К тому же у меня было важное дело. Возможно, мой враг прямо сейчас пытается меня выследить. Мне было попросту некогда.
Путь по крышам занял у меня почти час. Вспышки молний, то и дело озарявшие крыши, скорее мешали, чем помогали: после каждой вспышки я надолго терял способность видеть в темноте. И тем не менее в конце концов я кое-как дохромал до крыши главного здания, где обычно встречался с Аури.
Я с трудом спустился по яблоне в закрытый дворик и уже собирался окликнуть ее через тяжелую металлическую решетку, ведущую в Подовсе, но тут заметил, что в тени ближайших кустов кто-то шевельнулся.
Я вгляделся в темноту, не различая ничего, кроме смутного силуэта.
— Аури? — осторожно спросил я.
— Я не люблю рассказывать, — тихо ответила она. В голосе у нее звучали слезы. Из всех ужасов, что я пережил за последние пару дней, это, бесспорно, было хуже всего.
— Аури, прости меня, пожалуйста! — сказал я. — Я больше не буду расспрашивать! Честное слово.
Из кустов раздался всхлип. Сердце у меня застыло, и от него откололся кусочек.
— А что ты делала поверх всего нынче ночью? — спросил я. Я знал, что об этом спрашивать можно. Я уже много раз спрашивал.
— На молнии смотрела, — ответила она и шмыгнула носом. — Я видела молнию, похожую на дерево!
— И что было в молнии? — мягко спросил я.
— Термическая ионизация, — ответила Аури. И, помолчав, добавила: — А еще — речной лед. И взмах кошачьего хвоста.
— Жалко, что я ее не видел, — сказал я.
— А ты что делал поверх всего? — она помолчала, и я услышал негромкий, икающий смешок: — Такой сумасшедший и почти голый?
Мое сердце мало-помалу начало оттаивать.
— Я ищу, куда спрятать свою кровь, — сказал я.
— Обычно люди носят ее внутри, — сказала она. — Так проще.
— Я и хочу, чтобы ее большая часть осталась внутри, — объяснил я. — Но я боюсь, что меня ищут.
— А-а! — сказала Аури, как будто сразу все поняла. Я увидел, как ее фигурка, чуть более темная, шевельнулась и встала на фоне тени. — Тогда пошли со мной, в Перезвоны.
— По-моему, Перезвонов я еще не видел, — сказал я. — Ты меня туда уже водила?
Она шевельнулась — возможно, покачала головой.
— Это мои личные покои.
Я услышал металлический лязг, шорох, и за открытой решеткой вспыхнул голубовато-зеленый огонек. Я спустился вниз и очутился в подземном ходе рядом с ней.
При свете сделалось видно, что лицо у нее в разводах — вероятно, оттого, что она размазывала слезы руками. Я впервые видел Аури грязной. Глаза у нее сделались темнее обычного, и нос покраснел.
Аури шмыгнула носом и потерла чумазое личико.
— В каком ты ужасном виде, — очень серьезно сказала она.

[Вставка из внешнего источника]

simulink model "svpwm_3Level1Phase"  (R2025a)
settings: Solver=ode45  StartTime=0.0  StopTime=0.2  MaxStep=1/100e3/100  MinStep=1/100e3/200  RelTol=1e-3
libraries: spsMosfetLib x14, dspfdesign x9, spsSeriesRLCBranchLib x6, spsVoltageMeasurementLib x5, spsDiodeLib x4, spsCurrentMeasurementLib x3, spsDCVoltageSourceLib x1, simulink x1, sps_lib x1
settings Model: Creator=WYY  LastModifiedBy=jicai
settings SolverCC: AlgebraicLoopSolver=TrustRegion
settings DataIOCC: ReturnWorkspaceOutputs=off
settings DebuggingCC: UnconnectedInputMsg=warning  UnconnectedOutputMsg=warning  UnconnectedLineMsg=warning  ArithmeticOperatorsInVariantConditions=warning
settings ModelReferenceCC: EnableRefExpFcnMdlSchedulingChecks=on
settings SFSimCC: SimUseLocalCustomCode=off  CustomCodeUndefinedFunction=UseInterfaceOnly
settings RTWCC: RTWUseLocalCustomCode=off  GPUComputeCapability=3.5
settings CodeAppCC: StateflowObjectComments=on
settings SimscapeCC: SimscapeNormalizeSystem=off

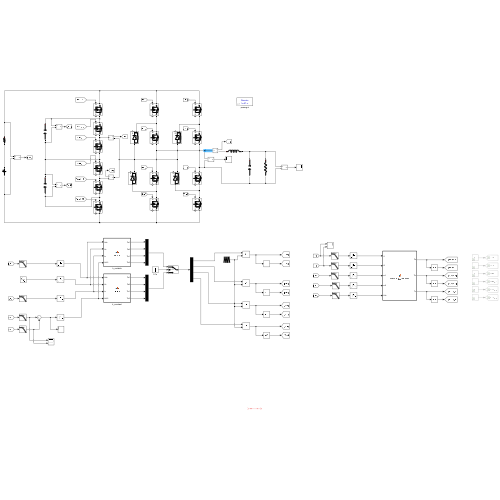
[thumbnail: Simulink's stored preview of the top-level diagram]
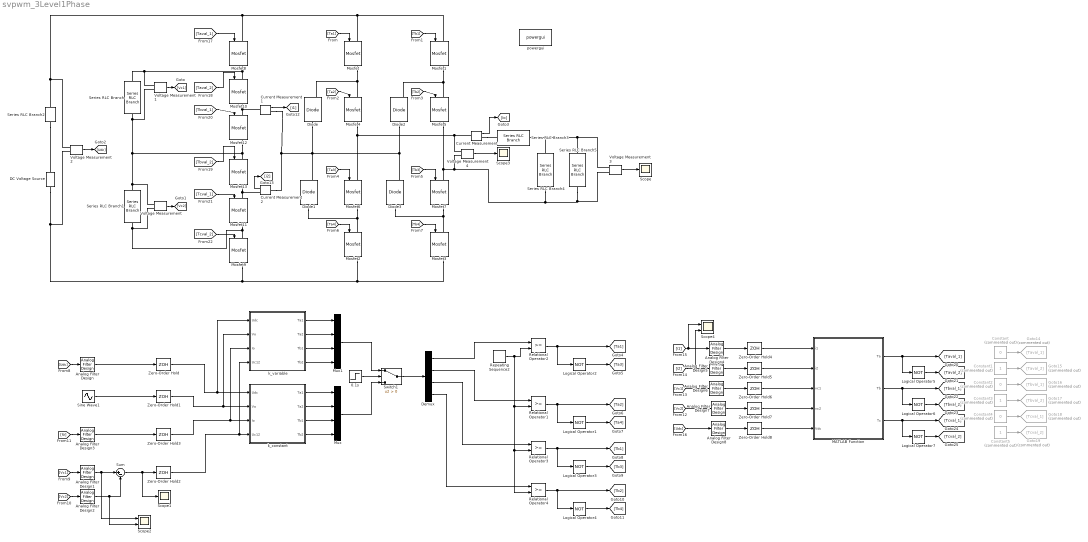
== system svpwm_3Level1Phase ==
  0.1s : Step  Time=0.2  SampleTime=0
  Analog Filter Design{,3..8} (7 alike) : dspfdesign/Analog Filter Design  method=Butterworth  filttype=Lowpass  N=2  Wlo=2*pi*1e3  Whi=80  Rp=2  Rs=40
  Analog Filter Design1 : dspfdesign/Analog Filter Design  method=Butterworth  filttype=Lowpass  N=2  Wlo=2*pi*10e3  Whi=80  Rp=2  Rs=40
  Analog Filter Design2 : dspfdesign/Analog Filter Design  method=Butterworth  filttype=Lowpass  N=2  Wlo=2*pi*10e3  Whi=80  Rp=2  Rs=40
  Constant : Constant  Commented=on  Value=0
  Constant1 : Constant  Commented=on
  Constant2 : Constant  Commented=on  Value=0
  Constant3 : Constant  Commented=on
  Constant4 : Constant  Commented=on  Value=0
  Constant5 : Constant  Commented=on
  Current Measurement : spsCurrentMeasurementLib/Current Measurement  PhasorSimulation=off  OutputType=Complex  PSBequivalent=0
  Current Measurement1 : spsCurrentMeasurementLib/Current Measurement  PhasorSimulation=off  OutputType=Complex  PSBequivalent=0
  Current Measurement2 : spsCurrentMeasurementLib/Current Measurement  PhasorSimulation=off  OutputType=Complex  PSBequivalent=0
  DC Voltage Source : spsDCVoltageSourceLib/DC Voltage Source  Amplitude=400  Measurements=None
  Demux : Demux
  Diode{,1..3} (4 alike) : spsDiodeLib/Diode  Ron=0.001  Lon=0  Vf=0.8  IC=0  UseSnubber=0  Rs=500  Cs=250e-9  Measurements=on
  Goto14 : Goto  Commented=on  GotoTag=Taval_1
  Goto15 : Goto  Commented=on  GotoTag=Taval_2
  Goto16 : Goto  Commented=on  GotoTag=Tbval_1
  Goto17 : Goto  Commented=on  GotoTag=Tbval_2
  Goto18 : Goto  Commented=on  GotoTag=Tcval_1
  Goto19 : Goto  Commented=on  GotoTag=Tcval_2
  Logical Operator{1..7} (7 alike) : Logic  Operator=NOT  AllPortsSameDT=off  OutDataTypeStr=boolean
  MATLAB Function : MATLAB Function  TreatAsAtomicUnit=on
  Mosfet{,1..13} (14 alike) : spsMosfetLib/Mosfet  Ron=0.1  Lon=0  Rd=0.01  Vfd=0  IC=0  Rs=1e5  Cs=inf  Measurements=on
  Mux : Mux
  Mux1 : Mux
  Relational Operator{1..4} (4 alike) : RelationalOperator  OutDataTypeStr=boolean  RndMeth=Simplest  InputSameDT=off
  Repeating Sequence2 : simulink/Sources/Repeating Sequence  rep_seq_t=[0 1/100e3/2 1/100e3]  rep_seq_y=[0.01 0.99 0.01]
  Scope : Scope
      settings: ActiveDisplayYMinimum=-385.78427901086286  ActiveDisplayYMaximum=419.08315334932496
  Scope1 : Scope
      settings: ActiveDisplayYMinimum=-4.7231788824178516  ActiveDisplayYMaximum=76.032530001662565
  Scope2 : Scope  NumInputPorts=2
      settings: ActiveDisplayYMinimum=-12.164414686695521  ActiveDisplayYMaximum=109.47973218025972  DataLoggingVariableName=ScopeData3
  Scope3 : Scope
      settings: ActiveDisplayYMinimum=404.52331193654425  ActiveDisplayYMaximum=435.5661177792087  DataLoggingVariableName=ScopeData2
  Scope4 : Scope  NumInputPorts=2
      settings: ActiveDisplayYMinimum=-19.357294872555265  ActiveDisplayYMaximum=346.96364507181  DataLoggingVariableName=ScopeData4
  Series RLC Branch : spsSeriesRLCBranchLib/Series RLC Branch  LConnTagsString=__new0  RConnTagsString=__new0  BranchType=C  Resistance=1  Inductance=1e-3  SetiL0=off  InitialCurrent=0  Capacitance=300e-6  Setx0=on  InitialVoltage=200  Measurements=None
  Series RLC Branch1 : spsSeriesRLCBranchLib/Series RLC Branch  LConnTagsString=__new0  RConnTagsString=__new0  BranchType=C  Resistance=1  Inductance=1e-3  SetiL0=off  InitialCurrent=0  Capacitance=300e-6  Setx0=on  InitialVoltage=200  Measurements=None
  Series RLC Branch2 : spsSeriesRLCBranchLib/Series RLC Branch  LConnTagsString=__new0  RConnTagsString=__new0  BranchType=R  Resistance=1  Inductance=1e-3  SetiL0=off  InitialCurrent=0  Capacitance=1e-6  Setx0=off  InitialVoltage=0  Measurements=None
  Series RLC Branch3 : spsSeriesRLCBranchLib/Series RLC Branch  LConnTagsString=__new0  RConnTagsString=__new0  BranchType=L  Resistance=1  Inductance=16e-6  SetiL0=off  InitialCurrent=0  Capacitance=1e-6  Setx0=off  InitialVoltage=0  Measurements=None
  Series RLC Branch4 : spsSeriesRLCBranchLib/Series RLC Branch  LConnTagsString=__new0  RConnTagsString=__new0  BranchType=C  Resistance=1  Inductance=1e-3  SetiL0=off  InitialCurrent=0  Capacitance=16e-6  Setx0=off  InitialVoltage=0  Measurements=None
  Series RLC Branch5 : spsSeriesRLCBranchLib/Series RLC Branch  LConnTagsString=__new0  RConnTagsString=__new0  BranchType=R  Resistance=100  Inductance=1e-3  SetiL0=off  InitialCurrent=0  Capacitance=1e-6  Setx0=off  InitialVoltage=0  Measurements=None
  Sine Wave1 : Sin  Amplitude=300  Frequency=2*pi*200  SampleTime=0
  Sum : Sum  Inputs=|+-
  Switch1 : Switch  Criteria=u2 > Threshold  SaturateOnIntegerOverflow=off  InputSameDT=off
  Voltage Measurement{,1..4} (5 alike) : spsVoltageMeasurementLib/Voltage Measurement  PhasorSimulation=off  OutputType=Complex  PSBequivalent=0
  Zero-Order Hold{,1..8} (9 alike) : ZeroOrderHold  SampleTime=1/100e3
  k_constant : MATLAB Function  TreatAsAtomicUnit=on
  k_variable : MATLAB Function  TreatAsAtomicUnit=on
  powergui : sps_lib/powergui  Priority=1  SimulationMode=Discrete  SampleTime=1e-7  frequency=60  Iterations=50  frequencyindice=0  Pbase=100e6  ErrMax=1e-4  UnitsV=kV  UnitsW=MW  buscounter=0  FunctionMessages=off  echomessages=off  EnableUseOfTLC=off  CurrentSourceSwitches=off  DisableSnubberDevices=off  DisableRonSwitches=off  DisableVfSwitches=off  DisplayEquations=off  AutomaticDiscreteSolvers=off  SolverType=Tustin/Backward Euler (TBE)  Interpol=off  ExternalGateDelay=off  methode=off  Ts=100  x0status=blocks  SPID=on  SwTol=0  HookPort=off  NonlinearTolerance=1e-4  nMaxIteration=100  ContinueOnMaxIteration=off  RestoreLinks=warning  ResistiveCurrentMeasurement=off  Frange=[0:2:500]  Ylog=off  Xlog=on  ShowGrid=off  save=off  variable=ZData  structure=0  ZoomFFT=off  StartTime=0.0  cycles=1  DisplayStyle=1  fundamental=60  FreqAxis=off  MaxFrequency=1000  frequencyindicesteady=1  RmsSteady=1  display=off
  wires:
  [Ta1] -> Mosfet/1
  [Tb1] -> Mosfet1/1
  [Ta2] -> Mosfet4/1
  [Tb2] -> Mosfet5/1
  [Ta3] -> Mosfet6/1
  [Ta4] -> Mosfet2/1
  [Tb4] -> Mosfet3/1
  [Tb3] -> Mosfet7/1
  Voltage Measurement1/1 -> [Vc1]
  Voltage Measurement/1 -> [Vc2]
  Voltage Measurement2/1 -> [Udc]
  Current Measurement/1 -> [Io]
  [Udc] -> Analog Filter Design/1
  [Vc1] -> Analog Filter Design1/1
  [Vc2] -> Analog Filter Design2/1
  [Io] -> Analog Filter Design3/1
  Analog Filter Design1/1 -> Scope2/1, Sum/1
  Analog Filter Design2/1 -> Scope2/2, Sum/2
  Analog Filter Design/1 -> Zero-Order Hold/1
  Sum/1 -> Scope1/1, Zero-Order Hold2/1
  Analog Filter Design3/1 -> Zero-Order Hold3/1
  Zero-Order Hold/1 -> k_variable/1(Udc), k_constant/1(Udc)
  Zero-Order Hold1/1 -> k_variable/2(Vo), k_constant/2(Vo)
  Zero-Order Hold3/1 -> k_constant/3(Io), k_variable/3(Io)
  Zero-Order Hold2/1 -> k_variable/4(Uc12), k_constant/4(Uc12)
  Repeating Sequence2/1 -> Relational Operator4/2, Relational Operator3/2, Relational Operator1/2, Relational Operator2/2
  Relational Operator2/1 -> Logical Operator2/1, [Ta1]
  Logical Operator2/1 -> [Ta3]
  Logical Operator1/1 -> [Ta4]
  Relational Operator1/1 -> [Ta2], Logical Operator1/1
  Relational Operator3/1 -> Logical Operator3/1, [Tb1]
  Logical Operator3/1 -> [Tb3]
  Logical Operator4/1 -> [Tb4]
  Relational Operator4/1 -> [Tb2], Logical Operator4/1
  Voltage Measurement3/1 -> Scope/1
  Voltage Measurement4/1 -> Scope3/1
  k_constant/2(Ta2) -> Mux/2
  k_constant/3(Tb1) -> Mux/3
  k_constant/4(Tb2) -> Mux/4
  k_constant/1(Ta1) -> Mux/1
  k_variable/1(Ta1) -> Mux1/1
  k_variable/2(Ta2) -> Mux1/2
  k_variable/3(Tb1) -> Mux1/3
  k_variable/4(Tb2) -> Mux1/4
  0.1s/1 -> Switch1/2
  Mux1/1 -> Switch1/1
  Mux/1 -> Switch1/3
  Switch1/1 -> Demux/1
  Demux/1 -> Relational Operator2/1
  Demux/2 -> Relational Operator1/1
  Demux/3 -> Relational Operator3/1
  Demux/4 -> Relational Operator4/1
  Sine Wave1/1 -> Zero-Order Hold1/1
  Current Measurement1/1 -> [i1]
  MATLAB Function/1(Ta) -> [Taval_1], Logical Operator5/1
  Logical Operator5/1 -> [Taval_2]
  Logical Operator6/1 -> [Tbval_2]
  MATLAB Function/2(Tb) -> [Tbval_1], Logical Operator6/1
  MATLAB Function/3(Tc) -> [Tcval_1], Logical Operator7/1
  Logical Operator7/1 -> [Tcval_2]
  [Taval_1] -> Mosfet8/1
  [Taval_2] -> Mosfet10/1
  [Tbval_2] -> Mosfet13/1
  [Tbval_1] -> Mosfet12/1
  [Tcval_1] -> Mosfet11/1
  [Tcval_2] -> Mosfet9/1
  ? -> ?
  [i1] -> Scope4/1, Analog Filter Design4/1
  Analog Filter Design4/1 -> Zero-Order Hold4/1
  Zero-Order Hold4/1 -> MATLAB Function/1(i1)
  Zero-Order Hold5/1 -> MATLAB Function/2(i2)
  Analog Filter Design5/1 -> Zero-Order Hold5/1
  [i2] -> Scope4/2, Analog Filter Design5/1
  Analog Filter Design6/1 -> Zero-Order Hold6/1
  Zero-Order Hold7/1 -> MATLAB Function/4(vc2)
  Analog Filter Design7/1 -> Zero-Order Hold7/1
  Zero-Order Hold6/1 -> MATLAB Function/3(vc1)
  [Vc1] -> Analog Filter Design6/1
  [Vc2] -> Analog Filter Design7/1
  [Udc] -> Analog Filter Design8/1
  Analog Filter Design8/1 -> Zero-Order Hold8/1
  Zero-Order Hold8/1 -> MATLAB Function/5(Vdc)
  Constant/1 -> Goto14/1
  Constant2/1 -> Goto16/1
  Constant4/1 -> Goto18/1
  Constant1/1 -> Goto15/1
  Constant3/1 -> Goto17/1
  Constant5/1 -> Goto19/1
  Current Measurement2/1 -> [i2]
  connections:
  Series RLC Branch2/RConn1 -- DC Voltage Source/RConn1
  Mosfet/RConn1 -- Mosfet4/LConn1 -- Diode/RConn1
  Mosfet1/RConn1 -- Mosfet5/LConn1 -- Diode2/RConn1
  Mosfet4/RConn1 -- Voltage Measurement4/LConn1 -- Current Measurement/LConn1 -- Mosfet6/LConn1
  Mosfet5/RConn1 -- Voltage Measurement4/LConn2 -- Voltage Measurement3/LConn2 -- Series RLC Branch5/RConn1 -- Series RLC Branch4/RConn1 -- Mosfet7/LConn1
  Mosfet6/RConn1 -- Diode1/LConn1 -- Mosfet2/LConn1
  Mosfet7/RConn1 -- Mosfet3/LConn1 -- Diode3/LConn1
  Series RLC Branch4/LConn1 -- Voltage Measurement3/LConn1 -- Series RLC Branch5/LConn1 -- Series RLC Branch3/RConn1
  Current Measurement/RConn1 -- Series RLC Branch3/LConn1
  Mosfet10/LConn1 -- Voltage Measurement1/LConn1 -- Series RLC Branch/LConn1 -- Mosfet8/RConn1
  Mosfet11/RConn1 -- Voltage Measurement/LConn2 -- Series RLC Branch1/RConn1 -- Mosfet9/LConn1
  Diode2/LConn1 -- Diode3/RConn1 -- Current Measurement2/LConn1 -- Current Measurement1/RConn1 -- Diode1/RConn1 -- Diode/LConn1
  Mosfet12/LConn1 -- Current Measurement1/LConn1 -- Mosfet10/RConn1
  Mosfet11/LConn1 -- Current Measurement2/RConn1 -- Mosfet13/RConn1
  Mosfet9/RConn1 -- DC Voltage Source/LConn1 -- Voltage Measurement2/LConn2 -- Mosfet2/RConn1 -- Mosfet3/RConn1
  Mosfet8/LConn1 -- Series RLC Branch2/LConn1 -- Voltage Measurement2/LConn1 -- Mosfet/LConn1 -- Mosfet1/LConn1
  Mosfet13/LConn1 -- Mosfet12/RConn1 -- Voltage Measurement1/LConn2 -- Series RLC Branch/RConn1 -- Series RLC Branch1/LConn1 -- Voltage Measurement/LConn1

== matlab function svpwm_3Level1Phase/k_variable ==
  data: Udc input; Ta1 output; Vo input; Io input; Uc12 input; Ta2 output; Tb1 output; Tb2 output
function [Ta1,Ta2,Tb1,Tb2] = svpwm(Udc,Vo,Io,Uc12)
%   判断扇区
k = 0.5;
Tc = 1/(100e3);
m = Vo/(Udc);  
if ( m>=0.5 )&&( m<=1 )
    sector = 1;
elseif ( m>=0 )&&( m<0.5 )
    sector = 2;
elseif ( m>=-0.5 )&&( m<0 )
    sector = 3;
else
    sector = 4;
end

%   通过两个电容之间压差来调整系数k
if ( Io>0 )
    if ( Uc12>0 )
        k = 0.75;
    else
        k = 0.25;
    end
else
    if ( Uc12>0 )
        k = 0.25;
    else
        k = 0.75;
    end
end
%   计算时间
Ta1 = 0;
Ta2 = 0;
Tb1 = 0;
Tb2 = 0;
switch sector
    case 1  %扇区1
        Tl = (2*Vo-Udc)/Udc*Tc;
        Ts = 2*(Udc-Vo)/Udc*Tc;
        Ta1 = (Tl+k*Ts)/Tc;
        Ta2 = 1;
        Tb1 = 0;
        Tb2 = k*Ts/Tc;
    case 2  %扇区2
        Ts = 2*Vo/Udc*Tc;
        To = (Udc-2*Vo)/Udc*Tc;
        Ta1 = k*Ts/Tc;
        Ta2 = 1;
        Tb1 = 0;
        Tb2 = (k*Ts+To)/Tc;
    case 3  %扇区3
        Ts = -2*Vo/Udc*Tc;
        To = (Udc+2*Vo)/Udc*Tc;
        Ta1 = 0;
        Ta2 = ( (1-k)*Ts+To )/Tc;
        Tb1 = (1-k)*Ts/Tc;
        Tb2 = 1;
    case 4  %扇区4
        Tl = -(2*Vo+Udc)/Udc*Tc;
        Ts = 2*(Vo+Udc)/Udc*Tc;
        Ta1 = 0;
        Ta2 = (1-k)*Ts/Tc;
        Tb1 = ( (1-k)*Ts+Tl )/Tc;
        Tb2 = 1;
end

== matlab function svpwm_3Level1Phase/k_constant ==
  data: Udc input; Ta1 output; Vo input; Io input; Uc12 input; Ta2 output; Tb1 output; Tb2 output
function [Ta1,Ta2,Tb1,Tb2] = svpwm(Udc,Vo,Io,Uc12)
%   判断扇区
k = 0.5;
Tc = 1/(100e3);
m = Vo/(Udc);  
if ( m>=0.5 )&&( m<=1 )
    sector = 1;
elseif ( m>=0 )&&( m<0.5 )
    sector = 2;
elseif ( m>=-0.5 )&&( m<0 )
    sector = 3;
else
    sector = 4;
end

%   计算时间
Ta1 = 0;
Ta2 = 0;
Tb1 = 0;
Tb2 = 0;
switch sector
    case 1  %扇区1
        Tl = (2*Vo-Udc)/Udc*Tc;
        Ts = 2*(Udc-Vo)/Udc*Tc;
        Ta1 = (Tl+k*Ts)/Tc;
        Ta2 = 1;
        Tb1 = 0;
        Tb2 = k*Ts/Tc;
    case 2  %扇区2
        Ts = 2*Vo/Udc*Tc;
        To = (Udc-2*Vo)/Udc*Tc;
        Ta1 = k*Ts/Tc;
        Ta2 = 1;
        Tb1 = 0;
        Tb2 = (k*Ts+To)/Tc;
    case 3  %扇区3
        Ts = -2*Vo/Udc*Tc;
        To = (Udc+2*Vo)/Udc*Tc;
        Ta1 = 0;
        Ta2 = ( (1-k)*Ts+To )/Tc;
        Tb1 = (1-k)*Ts/Tc;
        Tb2 = 1;
    case 4  %扇区4
        Tl = -(2*Vo+Udc)/Udc*Tc;
        Ts = 2*(Vo+Udc)/Udc*Tc;
        Ta1 = 0;
        Ta2 = (1-k)*Ts/Tc;
        Tb1 = ( (1-k)*Ts+Tl )/Tc;
        Tb2 = 1;
end

== matlab function svpwm_3Level1Phase/MATLAB Function ==
  data: i1 input; Ta output; i2 input; vc1 input; vc2 input; Vdc input; Tb output; Tc output
function [Ta, Tb, Tc] = balancing_controller(i1, i2, vc1, vc2, Vdc)
% 输入参数：
% i1, i2: 两个钳位点电流 (流入为正)
% vc1, vc2: 两个飞跨电容的实测电压
% Vdc: 直流母线总电压
% Tc: 开关周期 (如 1/100e3)
% 输出参数：
% Ta: 状态 [101010] 的作用时间 (归一化或实际时间)
% Tb: 状态 [010101] 的作用时间

%% 1. 初始化与偏差计算
Vref = Vdc / 2;
dv1 = vc1 - Vref;
dv2 = vc2 - Vref;

% 初始默认使用平衡分配
Ta = 1; 
Tb = 1;
Tc = 1;

%% 2. 区域判断 (基于 i1-i2 坐标系)
% 计算电流向量的角度 (atan2 返回 -pi 到 pi)
theta_rad = atan2(i2, i1);
theta = rad2deg(theta_rad);
if theta < 0
    theta = theta + 360; % 转换为 0-360度
end

% 定义区域 (根据专利描述)
if (theta >= 0 && theta < 90)
    sector = 1;
elseif (theta >= 90 && theta < 135)
    sector = 2;
elseif (theta >= 135 && theta < 180)
    sector = 3;
elseif (theta >= 180 && theta < 270)
    sector = 4;
elseif (theta >= 270 && theta < 315)
    sector = 5;
else % 315 - 360
    sector = 6;
end

%% 3. 优先级决策与开关状态选择
switch sector
    case 1 % i1>0, i2>0, i1+i2>0
        if abs(dv1) >= abs(dv2)
            if dv1 > 0, [Ta, Tb, Tc] = use_101010(); else, [Ta, Tb, Tc] = use_010101(); end
        else
            if dv2 > 0, [Ta, Tb, Tc] = use_101010(); else, [Ta, Tb, Tc] = use_010101(); end
        end
        
    case 2 % i1<0, i2>0, i1+i2>0 (优先调 C2)
        if dv2 > 0, [Ta, Tb, Tc] = use_101010(); else, [Ta, Tb, Tc] = use_010101(); end
        
    case 3 % i1<0, i2<0, i1+i2<0 (优先调 C1)
        if dv1 > 0, [Ta, Tb, Tc] = use_010101(); else, [Ta, Tb, Tc] = use_101010(); end
        
    case 4 % i1<0, i2<0, i1+i2<0 (负向区域，逻辑反向)
        if abs(dv1) >= abs(dv2)
            if dv1 > 0, [Ta, Tb, Tc] = use_010101(); else, [Ta, Tb, Tc] = use_101010(); end
        else
            if dv2 > 0, [Ta, Tb, Tc] = use_010101(); else, [Ta, Tb, Tc] = use_101010(); end
        end
        
    case 5 % i1>0, i2<0, i1+i2<0 (优先调 C2)
        if dv2 > 0, [Ta, Tb, Tc] = use_010101(); else, [Ta, Tb, Tc] = use_101010(); end
        
    case 6 % i1>0, i2<0, i1+i2>0 (优先调 C1)
        if dv1 > 0, [Ta, Tb, Tc] = use_101010(); else, [Ta, Tb, Tc] = use_010101(); end
end

%% 内部辅助函数：定义时间分配倾向
    function [Ta_val, Tb_val, Tc_val] = use_101010()
        Ta_val = 1;
        Tb_val = 1;
        Tc_val = 1;
    end

    function [Ta_val, Tb_val, Tc_val] = use_010101()
        Ta_val = 0;
        Tb_val = 0;
        Tc_val = 0;
    end

end

Я посмотрел на свои окровавленные руки и грудь.
— Ну да, — согласился я.
Тут она улыбнулась нежной, но смелой улыбкой.
— На этот раз я не так уж далеко убежала! — сказала она, гордо выпятив подбородок.
— Я так рад! — сказал я. — Ты извини, пожалуйста.
— Нет! — она коротко и твердо тряхнула головой. — Ты мой кирид, это выше любых упреков.
Она коснулась пальцем центра моей окровавленной груди.
— Иваре эним эуге.
Аури повела меня через лабиринт подземных ходов, который представляло собой Подовсе. Мы спускались все ниже — через Скачки, мимо Сверченья. Потом миновали несколько извилистых коридоров и снова начали спускаться, по каменной винтовой лестнице, которой я никогда прежде не видел.
Вскоре я почувствовал запах сырого камня и услышал низкий гул текущей воды. Время от времени до меня доносилось то бряканье стекла о камень, то более мелодичный звон стекла о стекло.
Ступенек через пятьдесят широкая винтовая лестница исчезла в широком бурлящем водоеме. «Интересно, — подумал я, — глубоко ли под воду уходят эти ступеньки?»
Тут не пахло ни гнилью, ни затхлостью. Вода была свежая, чистая, и я видел мелкие волны, расходящиеся от лестницы в темноту, туда, куда не достигал свет наших светильников. Я снова услышал стеклянный звон и увидел две бутылки, которые крутились и подпрыгивали в водовороте, отплывая то в одну сторону, то в другую. Потом одна ушла под воду и больше не всплыла.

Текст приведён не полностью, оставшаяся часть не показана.